BEING A PARCEL OF LAND LOCATED IN TOWNSHIP 4 NORTH, RANGE 5 WEST, M.D.B. AND M., AND BEING MORE PARTICULARLY DESCRIBED AS FOLLOWS:

BEGINNING AT THE NORTHEAST CORNER OF THE 181.38 ACRE PARCEL OF JACOB YENNI, ET UX, AS DESCRIBED IN THAT DEED RECORDED IN BOOK OF OFFICIAL RECORDS, PAGE F13685, SONOMA COUNTY RECORDS; THENCE FROM SAID POINT OF BEGINNING WEST 1043.99 FEET TO A POINT IN THE CENTER OF A SMALL SLOUGH; THENCE DOWN SAID SLOUGH SOUTH 46 DEGREES EAST, 86.51 FEET; THENCE SOUTH 0 DEGREES 30' EAST, 228.00 FEET; THENCE SOUTH 5 DEGREES WEST, 95.00 FEET; SOUTH 20 DEGREES 25' WEST, 62.00 FEET; THENCE SOUTH 45 DEGREES 45' WEST, 106.00 FEET; THENCE SOUTH 35 DEGREES EAST 186.00 FEET TO THE NORTHERLY BANK OF SONOMA CREEK; THENCE ALONG SAID NORTHERLY BANK NORTH 34 DEGREES 50' 20" EAST, 70.57 FEET; THENCE NORTH 47 DEGREES 20' 30" EAST, 115.17 FEET; THENCE NORTH 60 DEGREES 33' EAST, 277.11 FEET; THENCE NORTH 69 DEGREES 47' 30" EAST, 284.10 FEET; THENCE SOUTH 83 DEGREES 03' 20" EAST, 119.38 FEET; THENCE SOUT H 82 DEGREES 15' 30" EAST, 229.59 FEET; THENCE NORTH 342.17 FEET TO THE POINT OF BEGINNING OF THE ABOVE DESCRIBED PARCEL OF LAND.

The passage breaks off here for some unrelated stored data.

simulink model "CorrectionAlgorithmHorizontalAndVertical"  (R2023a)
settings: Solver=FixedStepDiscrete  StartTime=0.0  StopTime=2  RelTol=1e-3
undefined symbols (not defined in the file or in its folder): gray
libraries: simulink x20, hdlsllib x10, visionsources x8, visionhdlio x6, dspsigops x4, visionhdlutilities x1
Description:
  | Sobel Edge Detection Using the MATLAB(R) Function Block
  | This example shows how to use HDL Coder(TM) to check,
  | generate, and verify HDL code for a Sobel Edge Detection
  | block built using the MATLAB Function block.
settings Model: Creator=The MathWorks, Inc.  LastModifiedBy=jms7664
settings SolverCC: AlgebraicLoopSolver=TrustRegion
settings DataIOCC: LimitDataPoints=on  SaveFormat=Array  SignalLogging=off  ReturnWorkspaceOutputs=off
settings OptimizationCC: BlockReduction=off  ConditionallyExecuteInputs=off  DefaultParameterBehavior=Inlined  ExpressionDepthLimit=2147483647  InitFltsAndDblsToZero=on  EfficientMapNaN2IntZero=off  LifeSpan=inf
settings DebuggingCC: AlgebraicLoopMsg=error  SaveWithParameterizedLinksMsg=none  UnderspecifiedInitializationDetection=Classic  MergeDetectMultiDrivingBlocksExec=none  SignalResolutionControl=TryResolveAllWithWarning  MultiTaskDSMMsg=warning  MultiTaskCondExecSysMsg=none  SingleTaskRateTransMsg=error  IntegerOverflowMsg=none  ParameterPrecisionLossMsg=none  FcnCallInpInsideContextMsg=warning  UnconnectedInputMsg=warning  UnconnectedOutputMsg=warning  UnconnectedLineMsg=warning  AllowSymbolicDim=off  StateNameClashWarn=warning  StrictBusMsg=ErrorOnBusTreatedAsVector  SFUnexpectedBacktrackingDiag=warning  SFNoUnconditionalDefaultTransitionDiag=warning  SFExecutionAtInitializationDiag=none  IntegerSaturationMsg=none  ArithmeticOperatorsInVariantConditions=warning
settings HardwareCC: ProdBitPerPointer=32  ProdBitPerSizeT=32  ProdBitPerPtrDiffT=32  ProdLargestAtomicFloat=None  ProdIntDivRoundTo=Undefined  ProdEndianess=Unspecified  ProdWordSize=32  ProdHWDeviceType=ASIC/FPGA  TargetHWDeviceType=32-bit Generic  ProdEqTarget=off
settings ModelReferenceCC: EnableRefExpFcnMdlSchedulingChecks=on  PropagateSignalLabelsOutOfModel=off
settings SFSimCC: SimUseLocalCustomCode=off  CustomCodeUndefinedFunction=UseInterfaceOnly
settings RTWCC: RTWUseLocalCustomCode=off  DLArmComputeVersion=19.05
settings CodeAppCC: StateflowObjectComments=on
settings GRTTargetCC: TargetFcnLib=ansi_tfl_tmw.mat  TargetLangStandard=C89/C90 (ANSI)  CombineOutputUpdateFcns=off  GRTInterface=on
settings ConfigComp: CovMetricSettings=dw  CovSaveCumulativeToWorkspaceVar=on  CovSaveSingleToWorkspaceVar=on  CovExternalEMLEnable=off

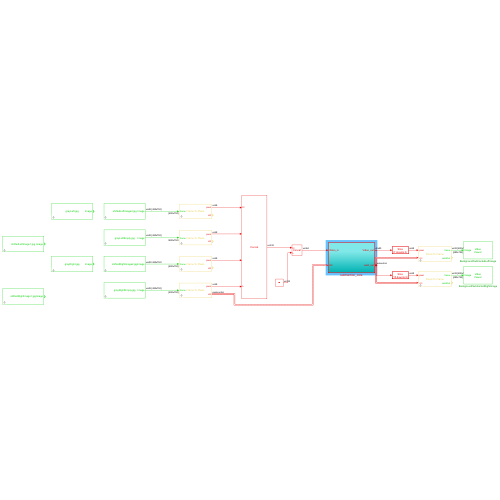
[thumbnail: Simulink's stored preview of the top-level diagram]
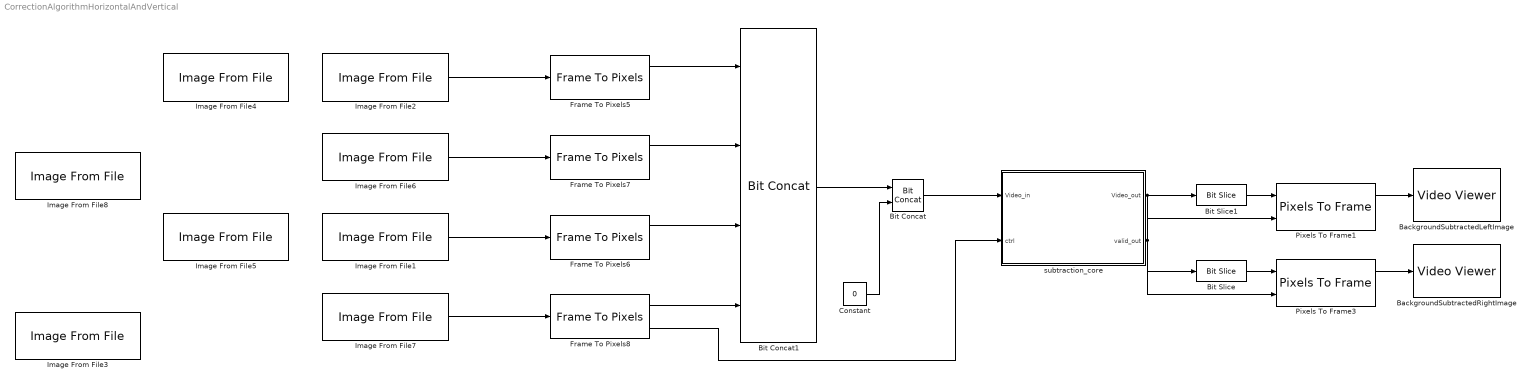
== system CorrectionAlgorithmHorizontalAndVertical ==
  BackgroundSubtractedLeftImage : VideoViewer  colormapValue=gray(256)  FigPos=[37 919 863 515]
  BackgroundSubtractedRightImage : VideoViewer  colormapValue=gray(256)  FigPos=[913 939 854 533]
  Bit Concat : hdlsllib/Logic and Bit Operations/Bit Concat  numInputs=2
  Bit Concat1 : hdlsllib/Logic and Bit Operations/Bit Concat  numInputs=4
  Bit Slice : hdlsllib/Logic and Bit Operations/Bit Slice  lidx=15  ridx=8
  Bit Slice1 : hdlsllib/Logic and Bit Operations/Bit Slice  lidx=7  ridx=0
  Constant : Constant  Value=0  OutDataTypeStr=uint32  SampleTime=-1
  Frame To Pixels{5..8} (4 alike) : visionhdlio/Frame To Pixels  NumComponents=1  NumPixels=1  VideoFormat=Custom  ActivePixelsPerLine=R  ActiveVideoLines=C  TotalPixelsPerLine=R  TotalVideoLines=C  StartingActiveLine=1  FrontPorch=0  SampleTime=0  VideoFormatCache=Custom  ActivePixelsPerLineCache=R  ActiveVideoLinesCache=C  TotalPixelsPerLineCache=R  TotalVideoLinesCache=C  StartingActiveLineCache=1  FrontPorchCache=0
  Image From File1 : visionsources/Image From File  Tag=vipblks_nd  FileName=shiftedRightImage2.jpg  Ts=1  imagePorts=One multidimensional signal  OutPortLabels=R|G|B  ImageDataType=Inherit from input image  sdImageDataType=uint(8)  Signed=on  WordLength=16  FractionLengthMode=User-defined  FractionLength=15
  Image From File2 : visionsources/Image From File  Tag=vipblks_nd  FileName=shiftedLeftImage2.jpg  Ts=1  imagePorts=One multidimensional signal  OutPortLabels=R|G|B  ImageDataType=Inherit from input image  sdImageDataType=uint(8)  Signed=on  WordLength=16  FractionLengthMode=User-defined  FractionLength=15
  Image From File3 : visionsources/Image From File  Tag=vipblks_nd  FileName=shiftedRightImage1.jpg  Ts=1  imagePorts=One multidimensional signal  OutPortLabels=R|G|B  ImageDataType=Inherit from input image  sdImageDataType=uint(8)  Signed=on  WordLength=16  FractionLengthMode=User-defined  FractionLength=15
  Image From File4 : visionsources/Image From File  Tag=vipblks_nd  FileName=grayLeft.jpg  Ts=1  imagePorts=One multidimensional signal  OutPortLabels=R|G|B  ImageDataType=Inherit from input image  sdImageDataType=uint(8)  Signed=on  WordLength=16  FractionLengthMode=User-defined  FractionLength=15
  Image From File5 : visionsources/Image From File  Tag=vipblks_nd  FileName=grayRight.jpg  Ts=1  imagePorts=One multidimensional signal  OutPortLabels=R|G|B  ImageDataType=Inherit from input image  sdImageDataType=uint(8)  Signed=on  WordLength=16  FractionLengthMode=User-defined  FractionLength=15
  Image From File6 : visionsources/Image From File  Tag=vipblks_nd  FileName=grayLeftEmpty.jpg  Ts=1  imagePorts=One multidimensional signal  OutPortLabels=R|G|B  ImageDataType=Inherit from input image  sdImageDataType=uint(8)  Signed=on  WordLength=16  FractionLengthMode=User-defined  FractionLength=15
  Image From File7 : visionsources/Image From File  Tag=vipblks_nd  FileName=grayRightEmpty.jpg  Ts=1  imagePorts=One multidimensional signal  OutPortLabels=R|G|B  ImageDataType=Inherit from input image  sdImageDataType=uint(8)  Signed=on  WordLength=16  FractionLengthMode=User-defined  FractionLength=15
  Image From File8 : visionsources/Image From File  Tag=vipblks_nd  FileName=shiftedLeftImage1.jpg  Ts=1  imagePorts=One multidimensional signal  OutPortLabels=R|G|B  ImageDataType=Inherit from input image  sdImageDataType=uint(8)  Signed=on  WordLength=16  FractionLengthMode=User-defined  FractionLength=15
  Pixels To Frame1 : visionhdlio/Pixels To Frame  NumComponents=1  NumPixels=1  VideoFormat=Custom  ActivePixelsPerLine=R  ActiveVideoLines=C  TotalPixelsPerLine=R  TotalVideoLines=C  VideoFormatCache=Custom  ActivePixelsPerLineCache=R  ActiveVideoLinesCache=C  TotalPixelsPerLineCache=R  TotalVideoLinesCache=C
  Pixels To Frame3 : visionhdlio/Pixels To Frame  NumComponents=1  NumPixels=1  VideoFormat=Custom  ActivePixelsPerLine=R  ActiveVideoLines=C  TotalPixelsPerLine=R  TotalVideoLines=C  VideoFormatCache=Custom  ActivePixelsPerLineCache=R  ActiveVideoLinesCache=C  TotalPixelsPerLineCache=R  TotalVideoLinesCache=C
  subtraction_core : Subsystem  TreatAsAtomicUnit=on
  wires:
  Image From File2/1 -> Frame To Pixels5/1
  Image From File6/1 -> Frame To Pixels7/1
  Image From File7/1 -> Frame To Pixels8/1
  Image From File1/1 -> Frame To Pixels6/1
  Frame To Pixels7/1 -> Bit Concat1/2
  Frame To Pixels5/1 -> Bit Concat1/1
  Frame To Pixels6/1 -> Bit Concat1/3
  Frame To Pixels8/1 -> Bit Concat1/4
  Frame To Pixels8/2 -> subtraction_core/2(ctrl)
  Bit Concat1/1 -> Bit Concat/1
  Constant/1 -> Bit Concat/2
  Bit Concat/1 -> subtraction_core/1(Video_in)
  subtraction_core/2(valid_out) -> Pixels To Frame3/2, Pixels To Frame1/2
  subtraction_core/1(Video_out) -> Bit Slice1/1, Bit Slice/1
  Bit Slice1/1 -> Pixels To Frame1/1
  Bit Slice/1 -> Pixels To Frame3/1
  Pixels To Frame1/1 -> BackgroundSubtractedLeftImage/1
  Pixels To Frame3/1 -> BackgroundSubtractedRightImage/1

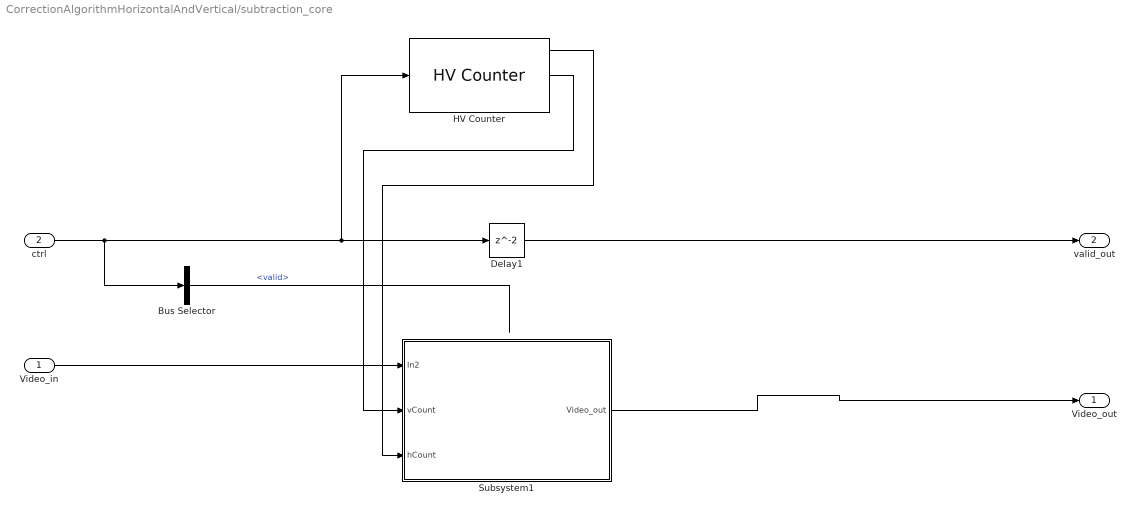
== system CorrectionAlgorithmHorizontalAndVertical/subtraction_core ==
  Video_in : Inport
  ctrl : Inport  Port=2
  Bus Selector : BusSelector  OutputSignals=valid
  Delay1 : Delay  InitialCondition=0
  HV Counter : visionhdlutilities/HV Counter  ActivePixelsPerLine=752  ActiveVideoLines=480  SimulateUsing=Code generation
  Subsystem1 : Subsystem
  Video_out : Outport  VectorParamsAs1DForOutWhenUnconnected=off
  valid_out : Outport  Port=2  VectorParamsAs1DForOutWhenUnconnected=off
  wires:
  Video_in/1 -> Subsystem1/1(In2)
  ctrl/1 -> Bus Selector/1, HV Counter/1, Delay1/1
  Bus Selector/1 -> ?  "<valid>"
  Subsystem1/1(Video_out) -> Video_out/1
  Delay1/1 -> valid_out/1
  HV Counter/1 -> Subsystem1/3(hCount)
  HV Counter/2 -> Subsystem1/2(vCount)

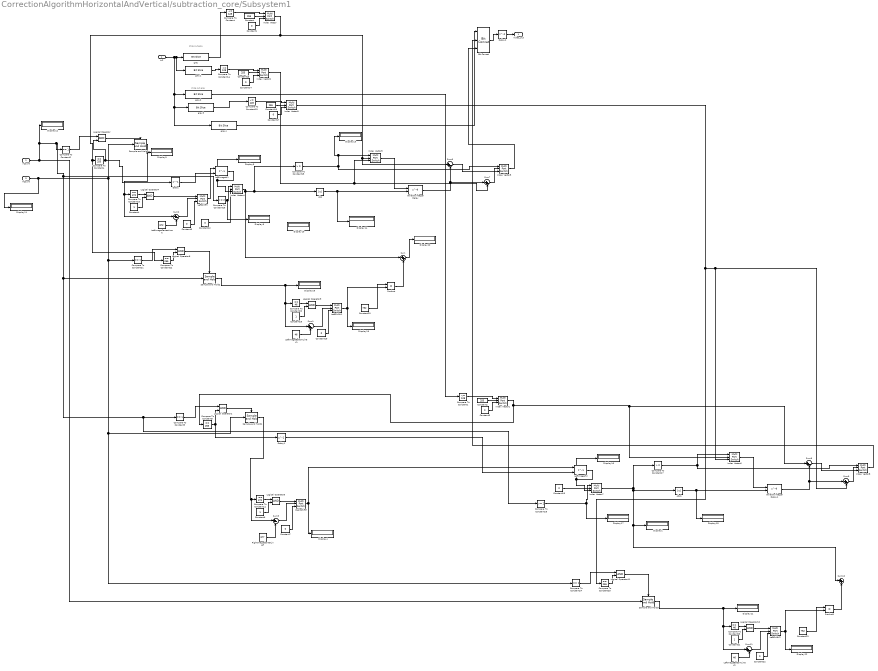
== system CorrectionAlgorithmHorizontalAndVertical/subtraction_core/Subsystem1 ==
  note: slice out gray
  note: slice out gray
  In2 : Inport
  vCount : Inport  Port=2
  hCount : Inport  Port=3
  Abs : Abs  SaturateOnIntegerOverflow=off
  Abs1 : Abs  SaturateOnIntegerOverflow=off
  Bit Concat : hdlsllib/Logic and Bit Operations/Bit Concat  numInputs=3
  Compare To Constant{,1,14,19} (4 alike) : simulink/Logic and Bit Operations/Compare To Constant  relop=<=  const=128  OutDataTypeStr=boolean
  Compare To Constant10 : simulink/Logic and Bit Operations/Compare To Constant  relop===  const=372  OutDataTypeStr=boolean
  Compare To Constant11 : simulink/Logic and Bit Operations/Compare To Constant  relop===  const=372  OutDataTypeStr=boolean
  Compare To Constant15 : simulink/Logic and Bit Operations/Compare To Constant  relop=>  const=0  OutDataTypeStr=boolean
  Compare To Constant16 : simulink/Logic and Bit Operations/Compare To Constant  relop=>=  const=2  OutDataTypeStr=boolean
  Compare To Constant17 : simulink/Logic and Bit Operations/Compare To Constant  relop=>  const=0  OutDataTypeStr=boolean
  Compare To Constant18 : simulink/Logic and Bit Operations/Compare To Constant  relop=>=  const=2  OutDataTypeStr=boolean
  Compare To Constant{2..3,21,24} (4 alike) : simulink/Logic and Bit Operations/Compare To Constant  relop===  const=1  OutDataTypeStr=boolean
  Compare To Constant20 : simulink/Logic and Bit Operations/Compare To Constant  relop===  const=46  OutDataTypeStr=boolean
  Compare To Constant{4..5,22,25} (4 alike) : simulink/Logic and Bit Operations/Compare To Constant  relop===  const=255  OutDataTypeStr=boolean
  Compare To Constant23 : simulink/Logic and Bit Operations/Compare To Constant  relop===  const=46  OutDataTypeStr=boolean
  Constant{,2,13,16} (4 alike) : Constant  Value=255  OutDataTypeStr=uint8
  Constant{1,3,5,7,12,14..15,17,19,22} (10 alike) : Constant  Value=0  OutDataTypeStr=int8
  Constant{4,6,18,21} (4 alike) : Constant
  Constant20 : Constant  Value=752
  Constant23 : Constant  Value=752
  Delay : Delay  DelayLength=1  InitialCondition=0
  Delay1 : Delay  DelayLength=1  InitialCondition=0
  Delay2 : Delay  InitialCondition=0
  Display{1,4..5,8..22} (18 alike) : Display
  Index Vector{,1..9} (10 alike) : MultiPortSwitch  DataPortOrder=Zero-based contiguous  Inputs=2  zeroidx=on  SaturateOnIntegerOverflow=off  InputSameDT=off
  LeftImageBottomLineV1 : Constant  Value=46
  LeftImageBottomLineV2 : Constant  Value=46
  LeftImageCenterLineH : Constant  Value=372
  LeftImageH1 : Delay  DelayLength=1  ShowEnablePort=on
      settings: InputPortMap=u0,e6
  LeftImageH2 : Delay  DelayLength=1  ShowEnablePort=on
      settings: InputPortMap=u0,e6
  LeftShiftH : MultiPortSwitch  DataPortOrder=Zero-based contiguous  Inputs=2  zeroidx=on  SaturateOnIntegerOverflow=off  InputSameDT=off
  LeftShiftV1 : MultiPortSwitch  DataPortOrder=Zero-based contiguous  Inputs=2  zeroidx=on  SaturateOnIntegerOverflow=off  InputSameDT=off
  LeftShiftV2 : MultiPortSwitch  DataPortOrder=Zero-based contiguous  Inputs=2  zeroidx=on  SaturateOnIntegerOverflow=off  InputSameDT=off
  Logical Operator{,1,4..5,8..11} (8 alike) : Logic  AllPortsSameDT=off  OutDataTypeStr=boolean
  Product : Product
  Product1 : Product
  RightImageCenterLineH : Constant  Value=377
  RightShiftH : MultiPortSwitch  DataPortOrder=Zero-based contiguous  Inputs=2  zeroidx=on  SaturateOnIntegerOverflow=off  InputSameDT=off
  Sample and Hold{,1..3} (4 alike) : dspsigops/Sample and Hold  trig=Falling edge  initCond=0  latchinput=on
  Sum : Sum  Inputs=|++
  Sum{1..3,11} (4 alike) : Sum  Inputs=|+-  OutDataTypeStr=int8  SaturateOnIntegerOverflow=on
  Sum10 : Sum  Inputs=|++
  Sum{6..9} (4 alike) : Sum  Inputs=|+-  OutDataTypeStr=uint8  SaturateOnIntegerOverflow=on
  Variable Integer Delay : Delay  DelayLengthSource=Input port
      settings: InputPortMap=u0,p1
  Variable Integer Delay1 : Delay  DelayLengthSource=Input port
      settings: InputPortMap=u0,p1
  gray : hdlsllib/Logic and Bit Operations/Bit Slice  lidx=63  ridx=56
  gray1 : hdlsllib/Logic and Bit Operations/Bit Slice  lidx=55  ridx=48
  gray2 : hdlsllib/Logic and Bit Operations/Bit Slice  lidx=47  ridx=40
  gray3 : hdlsllib/Logic and Bit Operations/Bit Slice  lidx=39  ridx=32
  gray4 : hdlsllib/Logic and Bit Operations/Bit Slice  lidx=63  ridx=32
  Video_out : Outport  InitialOutput=[0]
  wires:
  Bit Concat/1 -> Delay2/1
  Delay2/1 -> Video_out/1
  In2/1 -> gray4/1, gray3/1, gray2/1, gray1/1, gray/1
  Compare To Constant/1 -> Index Vector/1
  Constant/1 -> Index Vector/2
  Constant1/1 -> Index Vector/3
  Compare To Constant4/1 -> Logical Operator/2, Delay/1
  Compare To Constant5/1 -> Delay1/1, Logical Operator1/2
  Logical Operator1/1 -> Sample and Hold1/Trigger
  Compare To Constant3/1 -> Logical Operator1/1
  Constant3/1 -> Index Vector1/3
  Constant2/1 -> Index Vector1/2
  Compare To Constant1/1 -> Index Vector1/1
  gray2/1 -> Compare To Constant1/1
  gray/1 -> Compare To Constant/1
  Compare To Constant10/1 -> Logical Operator4/1
  Constant4/1 -> Logical Operator4/2
  Logical Operator4/1 -> LeftShiftH/1
  LeftImageCenterLineH/1 -> Sum2/2
  Sum2/1 -> LeftShiftH/2
  Constant5/1 -> LeftShiftH/3
  Constant7/1 -> RightShiftH/3
  Logical Operator5/1 -> RightShiftH/1
  Constant6/1 -> Logical Operator5/2
  Compare To Constant11/1 -> Logical Operator5/1
  Sum3/1 -> RightShiftH/2
  LeftShiftH/1 -> LeftImageH1/1
  RightImageCenterLineH/1 -> Sum3/2
  Compare To Constant14/1 -> Index Vector2/1
  Constant13/1 -> Index Vector2/2
  Constant14/1 -> Index Vector2/3
  gray1/1 -> Compare To Constant14/1
  Index Vector2/1 -> Sum7/2, Index Vector3/3
  Compare To Constant16/1 -> Display8/1, Index Vector4/1
  Constant12/1 -> Index Vector4/2
  Index Vector/1 -> Compare To Constant4/1, Compare To Constant22/1, Sum6/1, Index Vector3/2
  Compare To Constant15/1 -> Index Vector3/1, Display13/1, Index Vector5/1
  Sample and Hold/1 -> Sum2/1, Compare To Constant10/1, Display9/1
  Delay/1 -> LeftImageH1/2
  Compare To Constant2/1 -> Logical Operator/1
  Logical Operator/1 -> Sample and Hold/Trigger
  Index Vector3/1 -> Variable Integer Delay/1
  LeftImageH1/1 -> Index Vector4/3, Display5/1
  Abs/1 -> Display14/1, Variable Integer Delay/2
  Variable Integer Delay/1 -> Sum7/1, Sum6/2
  Sum6/1 -> Index Vector5/3
  Sum7/1 -> Index Vector5/2
  Sample and Hold1/1 -> Sum3/1, Compare To Constant11/1
  Sum8/1 -> Index Vector8/3
  Sum9/1 -> Index Vector8/2
  Variable Integer Delay1/1 -> Sum9/1, Sum8/2
  Compare To Constant17/1 -> Index Vector6/1, Index Vector8/1
  Constant15/1 -> Index Vector7/2
  Index Vector7/1 -> Sum10/1, Display1/1, Abs1/1, Compare To Constant17/1
  Compare To Constant18/1 -> Index Vector7/1, Display17/1
  RightShiftH/1 -> Display4/1, LeftImageH2/1
  Index Vector6/1 -> Variable Integer Delay1/1
  Abs1/1 -> Display15/1, Variable Integer Delay1/2
  LeftImageH2/1 -> Index Vector7/3, Display16/1
  Delay1/1 -> LeftImageH2/2
  Compare To Constant19/1 -> Index Vector9/1
  Constant17/1 -> Index Vector9/3
  Constant16/1 -> Index Vector9/2
  gray3/1 -> Compare To Constant19/1
  Compare To Constant21/1 -> Logical Operator8/1
  LeftImageBottomLineV1/1 -> Sum1/2
  Compare To Constant20/1 -> Logical Operator9/1
  LeftShiftV1/1 -> Display19/1, Product/2
  Compare To Constant22/1 -> Logical Operator8/2
  Constant19/1 -> LeftShiftV1/3
  Sum1/1 -> LeftShiftV1/2
  Constant18/1 -> Logical Operator9/2
  Logical Operator9/1 -> LeftShiftV1/1
  Sample and Hold2/1 -> Sum1/1, Compare To Constant20/1, Display18/1
  Logical Operator8/1 -> Sample and Hold2/Trigger
  Constant20/1 -> Product/1
  Product/1 -> Sum/2
  Sum/1 -> Display20/1
  Index Vector1/1 -> Sum8/1, Index Vector6/2, Compare To Constant5/1
  Index Vector4/1 -> Sum/1, Compare To Constant15/1, Abs/1
  Index Vector9/1 -> Compare To Constant25/1, Index Vector6/3, Sum9/2
  vCount/1 -> Sample and Hold3/1, Display12/1, Sample and Hold2/1, Compare To Constant18/1, Compare To Constant3/1, Compare To Constant16/1, Compare To Constant2/1
  Sample and Hold3/1 -> Sum11/1, Compare To Constant23/1, Display21/1
  Constant22/1 -> LeftShiftV2/3
  Product1/1 -> Sum10/2
  Constant23/1 -> Product1/1
  Constant21/1 -> Logical Operator10/2
  Compare To Constant24/1 -> Logical Operator11/1
  hCount/1 -> Sample and Hold/1, Compare To Constant21/1, Compare To Constant24/1, Sample and Hold1/1, Display11/1
  Logical Operator11/1 -> Sample and Hold3/Trigger
  Logical Operator10/1 -> LeftShiftV2/1
  Sum11/1 -> LeftShiftV2/2
  LeftImageBottomLineV2/1 -> Sum11/2
  LeftShiftV2/1 -> Display22/1, Product1/2
  Compare To Constant25/1 -> Logical Operator11/2
  Compare To Constant23/1 -> Logical Operator10/1
  gray4/1 -> Bit Concat/1
  Index Vector8/1 -> Bit Concat/2
  Index Vector5/1 -> Bit Concat/3

EXCEPTING ALL THAT PORTION CONVEYED TO THE STATE OF CALIFORNIA DEPARTMENT OF TRANSPORTATION RECORDED OCTOBER 19, 1990, UNDER DOCUMENT NO. 1990 0104024, OFFICIAL RECORDS OF SONOMA COUNTY, CALIFORNIA.

ALSO EXCEPTING THEREFROM, THAT PORTION CONVEYED TO JORDAN K. SMITH AND MARY FRANCIS SMITH, TRUSTEES UNDER TRUST AGREEMENT DATED FEBRUARY 12, 1982 RECORDED FEBRUARY 24, 1997 AS DOCUMENT NO. 1997-14695 OFFICIAL RECORDS OF SONOMA COUNTY, CALIFORNIA.

ALSO EXCEPTING THEREFROM ALL THAT PORTION AS CONVEYED TO MARY FRANCES SMITH, TRUSTEE UNDER TRUST AGREEMENT DATED FEBRUARY 12, 1982 AND CIRCLE BAR PARTNERSHIP, LP, A CALIFORNIA LIMITED PARTNERSHIP, IN THAT “BOUNDARY LINE AGREEMENT AND QUIT CLAIM DEED” RECORDED JUNE 24, 2005 AS DOCUMENT NO. 2005 89867 OFFICIAL RECORDS OF SONOMA COUNTY, CALIFORNIA.